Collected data
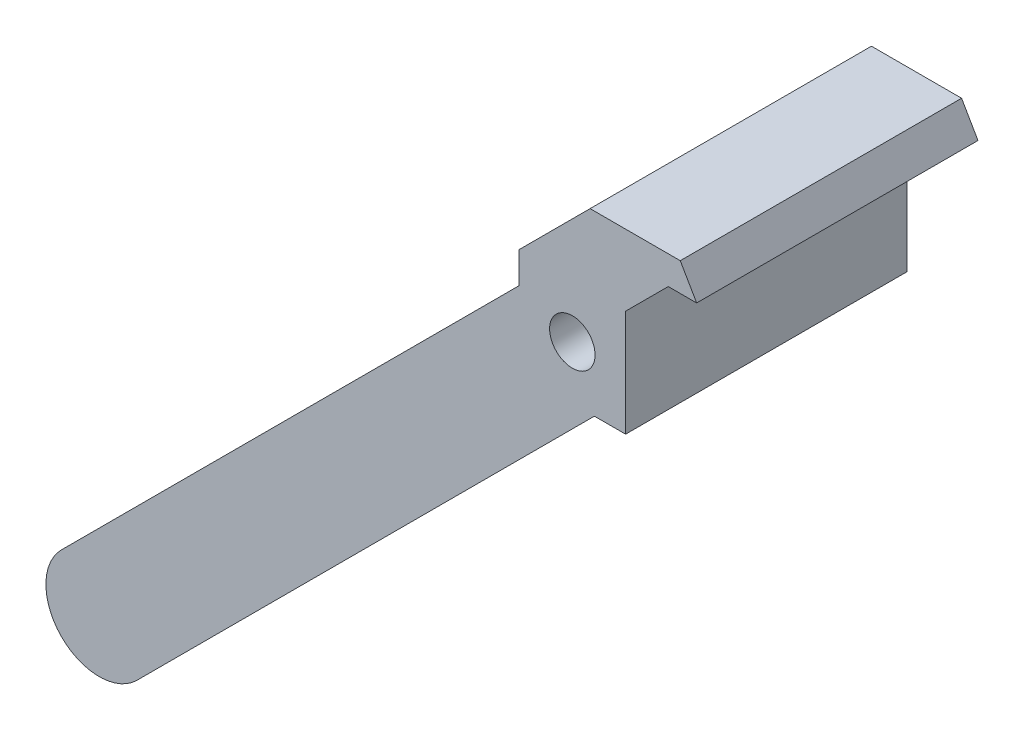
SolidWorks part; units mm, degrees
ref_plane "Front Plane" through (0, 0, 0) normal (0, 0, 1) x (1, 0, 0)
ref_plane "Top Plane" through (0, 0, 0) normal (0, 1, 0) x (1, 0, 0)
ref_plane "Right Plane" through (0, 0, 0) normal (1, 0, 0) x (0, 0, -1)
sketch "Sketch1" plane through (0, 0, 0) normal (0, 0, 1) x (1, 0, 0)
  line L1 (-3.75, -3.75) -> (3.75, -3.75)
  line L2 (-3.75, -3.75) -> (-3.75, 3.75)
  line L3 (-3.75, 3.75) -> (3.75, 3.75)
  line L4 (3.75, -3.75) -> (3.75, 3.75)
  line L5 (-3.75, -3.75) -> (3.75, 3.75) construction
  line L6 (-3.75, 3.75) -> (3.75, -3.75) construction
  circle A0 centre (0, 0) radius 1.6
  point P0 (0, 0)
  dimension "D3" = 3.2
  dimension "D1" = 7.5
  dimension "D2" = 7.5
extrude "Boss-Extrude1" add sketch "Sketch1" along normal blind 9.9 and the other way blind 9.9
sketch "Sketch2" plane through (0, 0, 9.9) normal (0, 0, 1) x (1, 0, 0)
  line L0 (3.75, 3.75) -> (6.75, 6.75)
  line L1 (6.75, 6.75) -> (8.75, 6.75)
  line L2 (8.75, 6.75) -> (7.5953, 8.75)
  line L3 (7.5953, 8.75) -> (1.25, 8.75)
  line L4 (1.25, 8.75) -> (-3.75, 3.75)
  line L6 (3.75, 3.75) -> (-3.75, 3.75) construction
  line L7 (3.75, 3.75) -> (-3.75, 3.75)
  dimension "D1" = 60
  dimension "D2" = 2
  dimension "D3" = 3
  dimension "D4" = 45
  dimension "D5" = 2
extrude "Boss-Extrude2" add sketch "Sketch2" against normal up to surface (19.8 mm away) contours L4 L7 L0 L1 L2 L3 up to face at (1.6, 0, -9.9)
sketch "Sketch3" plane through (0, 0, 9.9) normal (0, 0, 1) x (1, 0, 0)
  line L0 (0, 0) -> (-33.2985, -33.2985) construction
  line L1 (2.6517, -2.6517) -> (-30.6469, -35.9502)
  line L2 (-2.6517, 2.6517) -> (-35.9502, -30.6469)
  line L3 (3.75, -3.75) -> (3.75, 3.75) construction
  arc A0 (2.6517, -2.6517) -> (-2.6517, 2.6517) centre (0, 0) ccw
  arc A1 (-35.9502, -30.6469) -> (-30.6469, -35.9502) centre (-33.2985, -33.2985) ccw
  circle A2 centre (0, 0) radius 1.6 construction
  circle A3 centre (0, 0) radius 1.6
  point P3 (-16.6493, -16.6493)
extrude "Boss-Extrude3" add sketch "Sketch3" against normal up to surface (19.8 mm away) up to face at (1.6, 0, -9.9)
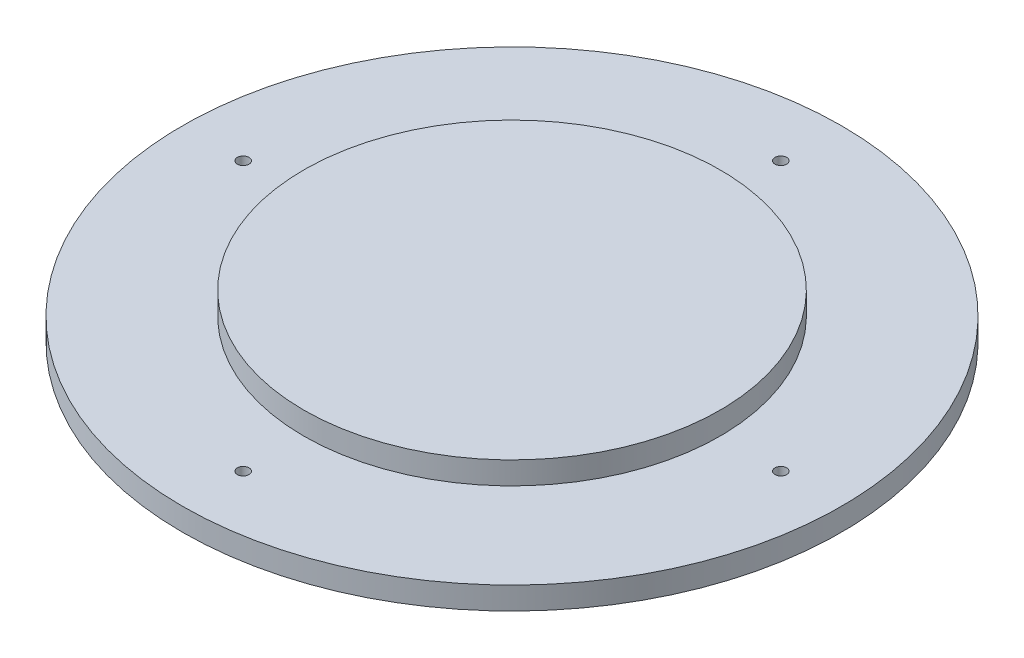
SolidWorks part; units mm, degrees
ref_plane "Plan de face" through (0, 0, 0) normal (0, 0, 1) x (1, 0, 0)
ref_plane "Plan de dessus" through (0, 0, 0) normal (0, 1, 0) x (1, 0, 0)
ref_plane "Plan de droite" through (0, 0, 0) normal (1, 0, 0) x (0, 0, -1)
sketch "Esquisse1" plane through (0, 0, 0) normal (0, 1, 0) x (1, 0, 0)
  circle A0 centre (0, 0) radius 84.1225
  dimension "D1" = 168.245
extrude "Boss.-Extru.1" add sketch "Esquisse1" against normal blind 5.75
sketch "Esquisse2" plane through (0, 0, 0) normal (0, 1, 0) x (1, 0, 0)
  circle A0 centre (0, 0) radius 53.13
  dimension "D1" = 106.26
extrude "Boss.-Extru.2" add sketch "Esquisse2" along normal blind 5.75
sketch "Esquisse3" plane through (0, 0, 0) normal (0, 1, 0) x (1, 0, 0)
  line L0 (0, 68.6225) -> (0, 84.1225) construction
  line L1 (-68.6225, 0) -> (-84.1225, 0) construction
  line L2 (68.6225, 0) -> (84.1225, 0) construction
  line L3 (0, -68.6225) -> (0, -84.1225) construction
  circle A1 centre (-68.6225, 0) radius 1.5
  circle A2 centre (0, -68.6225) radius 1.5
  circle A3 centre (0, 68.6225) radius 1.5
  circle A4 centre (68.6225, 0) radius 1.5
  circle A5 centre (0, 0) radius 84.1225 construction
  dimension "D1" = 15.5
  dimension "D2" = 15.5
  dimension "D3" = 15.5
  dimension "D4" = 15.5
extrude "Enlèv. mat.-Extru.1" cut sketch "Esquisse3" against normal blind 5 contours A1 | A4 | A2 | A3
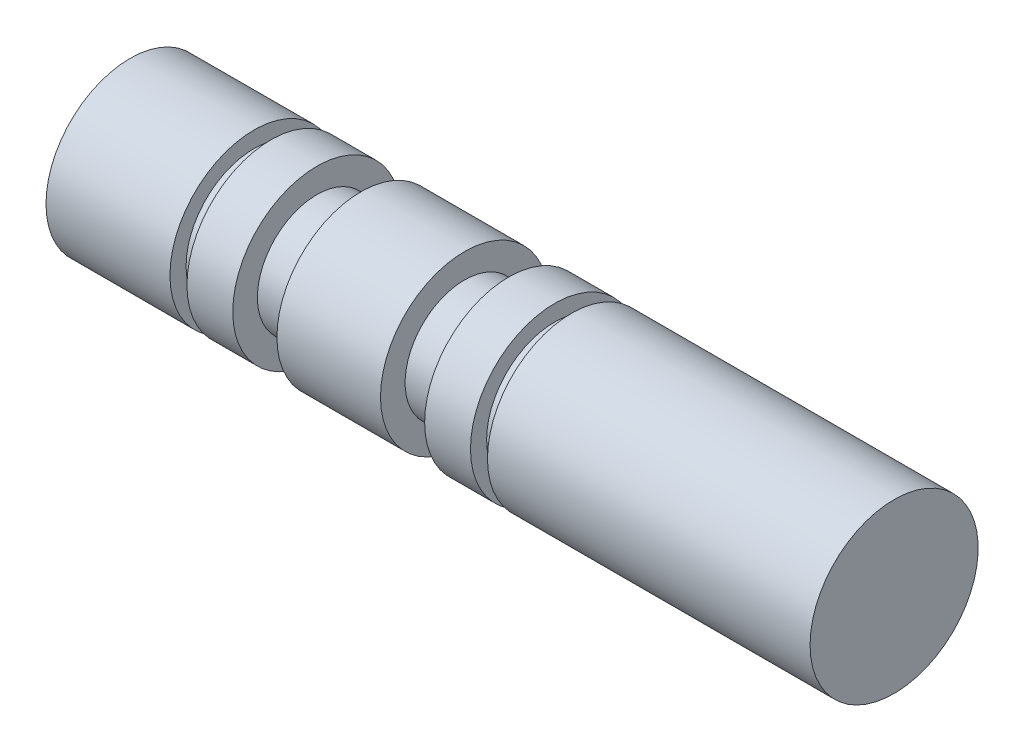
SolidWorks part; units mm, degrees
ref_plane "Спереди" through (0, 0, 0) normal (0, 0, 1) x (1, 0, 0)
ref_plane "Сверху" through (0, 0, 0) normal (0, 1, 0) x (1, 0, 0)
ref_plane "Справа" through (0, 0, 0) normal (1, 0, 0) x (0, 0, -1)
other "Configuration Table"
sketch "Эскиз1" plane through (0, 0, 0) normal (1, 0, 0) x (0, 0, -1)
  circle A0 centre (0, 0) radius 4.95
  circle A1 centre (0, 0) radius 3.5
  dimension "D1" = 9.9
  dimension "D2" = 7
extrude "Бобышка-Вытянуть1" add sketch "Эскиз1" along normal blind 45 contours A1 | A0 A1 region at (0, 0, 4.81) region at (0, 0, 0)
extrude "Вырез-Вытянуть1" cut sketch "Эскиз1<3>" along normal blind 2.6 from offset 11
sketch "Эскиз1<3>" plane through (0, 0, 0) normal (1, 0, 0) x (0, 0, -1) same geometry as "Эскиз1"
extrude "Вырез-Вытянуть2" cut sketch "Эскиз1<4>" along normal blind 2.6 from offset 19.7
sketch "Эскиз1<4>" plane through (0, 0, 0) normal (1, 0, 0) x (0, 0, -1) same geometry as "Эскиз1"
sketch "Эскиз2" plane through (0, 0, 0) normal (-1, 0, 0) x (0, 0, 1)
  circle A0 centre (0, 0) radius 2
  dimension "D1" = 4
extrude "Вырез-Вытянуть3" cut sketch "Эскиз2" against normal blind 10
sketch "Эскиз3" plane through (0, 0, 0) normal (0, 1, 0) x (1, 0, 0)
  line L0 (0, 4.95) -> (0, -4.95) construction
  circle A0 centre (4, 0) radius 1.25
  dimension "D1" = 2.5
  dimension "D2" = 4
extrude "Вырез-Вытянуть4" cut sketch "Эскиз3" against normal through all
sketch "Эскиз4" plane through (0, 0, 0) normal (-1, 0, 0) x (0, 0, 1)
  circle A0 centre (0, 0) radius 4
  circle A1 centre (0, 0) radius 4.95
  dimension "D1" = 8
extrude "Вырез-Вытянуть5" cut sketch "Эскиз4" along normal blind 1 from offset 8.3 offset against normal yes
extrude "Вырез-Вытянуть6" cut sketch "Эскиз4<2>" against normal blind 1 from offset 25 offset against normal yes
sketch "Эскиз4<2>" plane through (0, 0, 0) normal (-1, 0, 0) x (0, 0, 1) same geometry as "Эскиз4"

Task details:
In the entries above, tally the lines that hold the string "other" and give only the count.

Reply to the task:
2